BEGIN Exercise inputs

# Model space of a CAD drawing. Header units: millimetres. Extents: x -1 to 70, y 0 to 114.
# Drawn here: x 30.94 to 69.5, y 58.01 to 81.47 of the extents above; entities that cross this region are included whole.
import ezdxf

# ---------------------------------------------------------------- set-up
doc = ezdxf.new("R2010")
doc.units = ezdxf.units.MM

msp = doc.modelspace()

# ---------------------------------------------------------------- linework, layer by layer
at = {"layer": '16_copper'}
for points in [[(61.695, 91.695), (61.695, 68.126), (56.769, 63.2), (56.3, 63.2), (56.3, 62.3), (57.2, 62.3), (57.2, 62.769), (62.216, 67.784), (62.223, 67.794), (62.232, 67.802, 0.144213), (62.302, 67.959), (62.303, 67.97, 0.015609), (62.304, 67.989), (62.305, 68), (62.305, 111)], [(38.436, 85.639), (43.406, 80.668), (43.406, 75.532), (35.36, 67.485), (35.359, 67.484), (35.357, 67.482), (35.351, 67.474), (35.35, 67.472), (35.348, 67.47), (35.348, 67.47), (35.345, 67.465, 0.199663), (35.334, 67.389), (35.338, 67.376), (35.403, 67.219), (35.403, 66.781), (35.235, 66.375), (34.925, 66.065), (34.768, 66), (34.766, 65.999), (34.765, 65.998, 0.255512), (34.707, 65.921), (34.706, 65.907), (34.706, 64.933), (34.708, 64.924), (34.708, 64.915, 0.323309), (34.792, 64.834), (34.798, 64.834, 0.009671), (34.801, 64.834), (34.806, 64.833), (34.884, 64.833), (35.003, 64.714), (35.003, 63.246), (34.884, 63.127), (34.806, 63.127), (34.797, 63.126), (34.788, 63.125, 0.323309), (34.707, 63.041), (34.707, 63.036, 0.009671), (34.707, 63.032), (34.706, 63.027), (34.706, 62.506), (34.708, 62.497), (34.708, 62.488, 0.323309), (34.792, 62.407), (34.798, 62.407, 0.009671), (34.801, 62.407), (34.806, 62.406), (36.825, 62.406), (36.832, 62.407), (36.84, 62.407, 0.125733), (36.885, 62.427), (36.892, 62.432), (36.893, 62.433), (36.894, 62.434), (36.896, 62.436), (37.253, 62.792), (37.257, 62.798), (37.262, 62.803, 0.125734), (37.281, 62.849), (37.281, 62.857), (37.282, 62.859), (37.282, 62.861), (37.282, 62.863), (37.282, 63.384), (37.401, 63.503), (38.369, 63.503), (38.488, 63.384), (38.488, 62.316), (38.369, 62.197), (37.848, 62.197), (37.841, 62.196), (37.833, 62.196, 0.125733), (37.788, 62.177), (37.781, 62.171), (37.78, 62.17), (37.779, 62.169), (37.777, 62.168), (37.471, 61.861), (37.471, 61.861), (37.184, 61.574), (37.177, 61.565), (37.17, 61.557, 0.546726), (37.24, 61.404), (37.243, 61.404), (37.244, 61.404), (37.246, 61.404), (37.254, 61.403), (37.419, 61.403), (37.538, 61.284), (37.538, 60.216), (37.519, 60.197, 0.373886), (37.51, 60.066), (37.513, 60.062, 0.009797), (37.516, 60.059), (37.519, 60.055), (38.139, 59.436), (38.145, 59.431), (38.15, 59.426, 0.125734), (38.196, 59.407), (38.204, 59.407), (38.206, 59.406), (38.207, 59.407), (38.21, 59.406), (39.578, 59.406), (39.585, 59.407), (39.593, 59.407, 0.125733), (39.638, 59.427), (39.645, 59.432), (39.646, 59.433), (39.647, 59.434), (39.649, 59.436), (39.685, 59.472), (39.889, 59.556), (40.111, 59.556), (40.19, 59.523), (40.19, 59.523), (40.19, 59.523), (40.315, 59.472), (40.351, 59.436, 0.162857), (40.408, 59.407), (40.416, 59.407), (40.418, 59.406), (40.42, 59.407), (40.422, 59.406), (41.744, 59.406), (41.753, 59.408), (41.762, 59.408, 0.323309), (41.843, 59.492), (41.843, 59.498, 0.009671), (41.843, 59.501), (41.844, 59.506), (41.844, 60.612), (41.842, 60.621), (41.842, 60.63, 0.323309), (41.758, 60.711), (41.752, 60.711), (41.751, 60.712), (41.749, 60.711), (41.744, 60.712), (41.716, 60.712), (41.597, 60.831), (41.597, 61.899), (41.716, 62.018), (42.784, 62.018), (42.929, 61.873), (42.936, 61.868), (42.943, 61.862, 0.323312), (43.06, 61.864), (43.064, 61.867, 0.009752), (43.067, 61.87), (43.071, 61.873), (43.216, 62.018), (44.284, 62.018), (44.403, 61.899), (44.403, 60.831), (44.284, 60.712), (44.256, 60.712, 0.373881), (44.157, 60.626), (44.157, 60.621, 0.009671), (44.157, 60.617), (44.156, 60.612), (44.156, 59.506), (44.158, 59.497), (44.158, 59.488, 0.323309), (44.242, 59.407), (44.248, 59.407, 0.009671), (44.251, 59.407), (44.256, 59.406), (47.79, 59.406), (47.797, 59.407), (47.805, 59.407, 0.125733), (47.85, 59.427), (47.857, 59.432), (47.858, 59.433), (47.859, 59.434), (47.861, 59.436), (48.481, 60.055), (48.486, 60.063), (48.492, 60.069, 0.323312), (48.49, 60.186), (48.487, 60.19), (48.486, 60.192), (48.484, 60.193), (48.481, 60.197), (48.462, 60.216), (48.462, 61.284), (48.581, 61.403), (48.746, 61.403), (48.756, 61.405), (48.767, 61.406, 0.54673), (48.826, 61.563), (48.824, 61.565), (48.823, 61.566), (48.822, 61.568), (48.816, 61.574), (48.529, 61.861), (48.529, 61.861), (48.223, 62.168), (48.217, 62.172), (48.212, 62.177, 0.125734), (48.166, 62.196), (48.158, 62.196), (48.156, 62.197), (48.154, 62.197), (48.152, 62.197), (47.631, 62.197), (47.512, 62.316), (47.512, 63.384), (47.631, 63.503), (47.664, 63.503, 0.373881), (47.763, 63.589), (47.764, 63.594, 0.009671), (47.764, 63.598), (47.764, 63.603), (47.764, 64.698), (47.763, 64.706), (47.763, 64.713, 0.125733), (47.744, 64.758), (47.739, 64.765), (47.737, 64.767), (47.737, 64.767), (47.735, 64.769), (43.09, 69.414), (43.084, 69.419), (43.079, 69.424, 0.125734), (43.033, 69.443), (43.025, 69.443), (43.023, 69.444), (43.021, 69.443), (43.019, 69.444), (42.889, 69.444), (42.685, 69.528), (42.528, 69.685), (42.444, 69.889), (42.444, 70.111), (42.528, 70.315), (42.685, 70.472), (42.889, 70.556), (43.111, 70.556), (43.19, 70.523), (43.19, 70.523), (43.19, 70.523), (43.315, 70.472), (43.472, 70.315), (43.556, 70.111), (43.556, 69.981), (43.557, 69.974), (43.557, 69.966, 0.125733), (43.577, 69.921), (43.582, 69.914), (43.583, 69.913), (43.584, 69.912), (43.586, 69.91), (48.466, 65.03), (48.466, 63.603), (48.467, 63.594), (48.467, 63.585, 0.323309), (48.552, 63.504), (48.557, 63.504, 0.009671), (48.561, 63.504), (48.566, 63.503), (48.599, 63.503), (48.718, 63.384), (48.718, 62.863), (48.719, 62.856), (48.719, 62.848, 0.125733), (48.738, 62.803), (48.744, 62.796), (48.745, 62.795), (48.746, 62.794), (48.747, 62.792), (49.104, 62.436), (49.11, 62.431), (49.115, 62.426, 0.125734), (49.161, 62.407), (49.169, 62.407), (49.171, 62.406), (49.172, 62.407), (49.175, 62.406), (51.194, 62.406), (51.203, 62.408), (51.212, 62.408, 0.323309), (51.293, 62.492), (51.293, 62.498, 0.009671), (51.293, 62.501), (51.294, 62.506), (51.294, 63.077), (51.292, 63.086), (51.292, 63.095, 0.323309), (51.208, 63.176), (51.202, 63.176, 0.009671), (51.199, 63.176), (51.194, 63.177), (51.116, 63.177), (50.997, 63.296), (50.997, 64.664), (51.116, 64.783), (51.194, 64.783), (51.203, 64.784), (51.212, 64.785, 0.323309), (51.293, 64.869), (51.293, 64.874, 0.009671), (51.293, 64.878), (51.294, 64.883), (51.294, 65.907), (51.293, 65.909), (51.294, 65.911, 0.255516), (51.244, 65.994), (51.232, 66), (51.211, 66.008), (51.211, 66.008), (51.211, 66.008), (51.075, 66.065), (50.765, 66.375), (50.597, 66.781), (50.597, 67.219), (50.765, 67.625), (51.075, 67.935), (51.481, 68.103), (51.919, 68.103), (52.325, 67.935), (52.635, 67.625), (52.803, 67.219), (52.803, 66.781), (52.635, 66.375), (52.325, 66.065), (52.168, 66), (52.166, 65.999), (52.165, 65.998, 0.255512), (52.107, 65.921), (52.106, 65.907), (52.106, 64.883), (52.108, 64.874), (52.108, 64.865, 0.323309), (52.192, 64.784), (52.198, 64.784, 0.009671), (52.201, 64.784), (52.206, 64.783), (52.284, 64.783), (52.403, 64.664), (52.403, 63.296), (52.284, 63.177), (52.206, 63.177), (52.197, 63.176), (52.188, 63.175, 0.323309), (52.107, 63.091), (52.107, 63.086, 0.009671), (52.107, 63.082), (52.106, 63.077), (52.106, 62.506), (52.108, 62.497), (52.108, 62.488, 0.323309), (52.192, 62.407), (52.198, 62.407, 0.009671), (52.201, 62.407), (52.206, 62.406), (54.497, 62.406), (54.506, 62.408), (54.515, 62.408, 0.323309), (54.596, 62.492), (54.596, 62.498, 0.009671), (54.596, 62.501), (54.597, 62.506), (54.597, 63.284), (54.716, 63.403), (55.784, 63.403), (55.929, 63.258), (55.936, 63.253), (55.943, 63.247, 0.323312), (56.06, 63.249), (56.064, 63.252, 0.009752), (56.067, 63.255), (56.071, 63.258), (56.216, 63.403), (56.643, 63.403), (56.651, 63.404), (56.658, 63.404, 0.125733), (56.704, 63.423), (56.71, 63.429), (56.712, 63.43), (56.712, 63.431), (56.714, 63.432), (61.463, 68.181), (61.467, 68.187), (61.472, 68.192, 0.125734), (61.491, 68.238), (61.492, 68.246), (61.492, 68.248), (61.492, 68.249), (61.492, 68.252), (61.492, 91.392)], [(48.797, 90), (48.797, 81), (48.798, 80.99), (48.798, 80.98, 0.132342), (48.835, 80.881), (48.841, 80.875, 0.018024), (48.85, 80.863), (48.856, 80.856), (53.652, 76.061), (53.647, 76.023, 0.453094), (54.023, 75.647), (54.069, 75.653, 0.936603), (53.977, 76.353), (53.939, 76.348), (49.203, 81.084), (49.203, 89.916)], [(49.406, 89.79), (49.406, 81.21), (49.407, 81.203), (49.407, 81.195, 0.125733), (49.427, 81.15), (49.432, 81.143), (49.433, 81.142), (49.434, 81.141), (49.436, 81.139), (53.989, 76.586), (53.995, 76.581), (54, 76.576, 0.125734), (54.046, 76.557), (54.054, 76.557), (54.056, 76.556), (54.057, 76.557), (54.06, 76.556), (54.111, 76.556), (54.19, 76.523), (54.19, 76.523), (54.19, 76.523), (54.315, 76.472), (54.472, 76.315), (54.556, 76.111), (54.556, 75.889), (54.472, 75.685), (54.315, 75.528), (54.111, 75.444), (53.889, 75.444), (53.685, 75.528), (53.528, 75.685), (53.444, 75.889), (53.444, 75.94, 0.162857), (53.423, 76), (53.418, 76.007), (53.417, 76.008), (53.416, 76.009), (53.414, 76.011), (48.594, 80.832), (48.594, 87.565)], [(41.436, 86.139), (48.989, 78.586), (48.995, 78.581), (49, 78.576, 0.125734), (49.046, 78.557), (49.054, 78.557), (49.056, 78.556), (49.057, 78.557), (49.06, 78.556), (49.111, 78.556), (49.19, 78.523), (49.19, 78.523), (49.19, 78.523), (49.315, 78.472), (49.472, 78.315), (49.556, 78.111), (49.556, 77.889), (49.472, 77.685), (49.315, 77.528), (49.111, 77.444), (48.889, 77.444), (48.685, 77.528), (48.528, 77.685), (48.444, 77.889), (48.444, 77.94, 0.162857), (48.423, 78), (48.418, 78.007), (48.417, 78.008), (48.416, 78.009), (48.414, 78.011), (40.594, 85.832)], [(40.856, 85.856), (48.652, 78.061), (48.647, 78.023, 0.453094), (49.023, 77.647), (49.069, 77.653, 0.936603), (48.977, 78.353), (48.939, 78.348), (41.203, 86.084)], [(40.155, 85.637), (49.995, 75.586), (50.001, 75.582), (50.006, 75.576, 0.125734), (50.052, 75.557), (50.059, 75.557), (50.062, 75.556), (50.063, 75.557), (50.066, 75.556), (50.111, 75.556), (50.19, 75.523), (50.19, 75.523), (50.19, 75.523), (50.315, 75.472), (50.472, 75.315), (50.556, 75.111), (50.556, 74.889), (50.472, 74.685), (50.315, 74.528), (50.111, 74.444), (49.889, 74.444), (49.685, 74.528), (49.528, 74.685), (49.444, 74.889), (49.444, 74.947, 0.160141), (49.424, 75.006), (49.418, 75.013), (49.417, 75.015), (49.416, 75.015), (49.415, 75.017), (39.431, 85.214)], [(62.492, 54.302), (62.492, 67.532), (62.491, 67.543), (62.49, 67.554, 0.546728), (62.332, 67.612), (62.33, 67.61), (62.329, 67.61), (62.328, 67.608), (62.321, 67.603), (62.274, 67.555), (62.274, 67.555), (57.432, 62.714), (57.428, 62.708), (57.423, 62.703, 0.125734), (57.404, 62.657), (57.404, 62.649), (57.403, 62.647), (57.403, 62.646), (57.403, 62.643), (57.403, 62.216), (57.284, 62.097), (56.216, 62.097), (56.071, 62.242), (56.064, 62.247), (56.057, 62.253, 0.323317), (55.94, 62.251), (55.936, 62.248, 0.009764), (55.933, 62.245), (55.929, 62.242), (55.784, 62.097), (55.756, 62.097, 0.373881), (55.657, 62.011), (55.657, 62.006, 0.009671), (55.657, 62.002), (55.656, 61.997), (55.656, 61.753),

END Exercise inputs

_Problem statement_
Would you filter the entries above and keep each line that has the word "ezdxf"?

_Solved exercise_
import ezdxf
doc = ezdxf.new("R2010")
doc.units = ezdxf.units.MM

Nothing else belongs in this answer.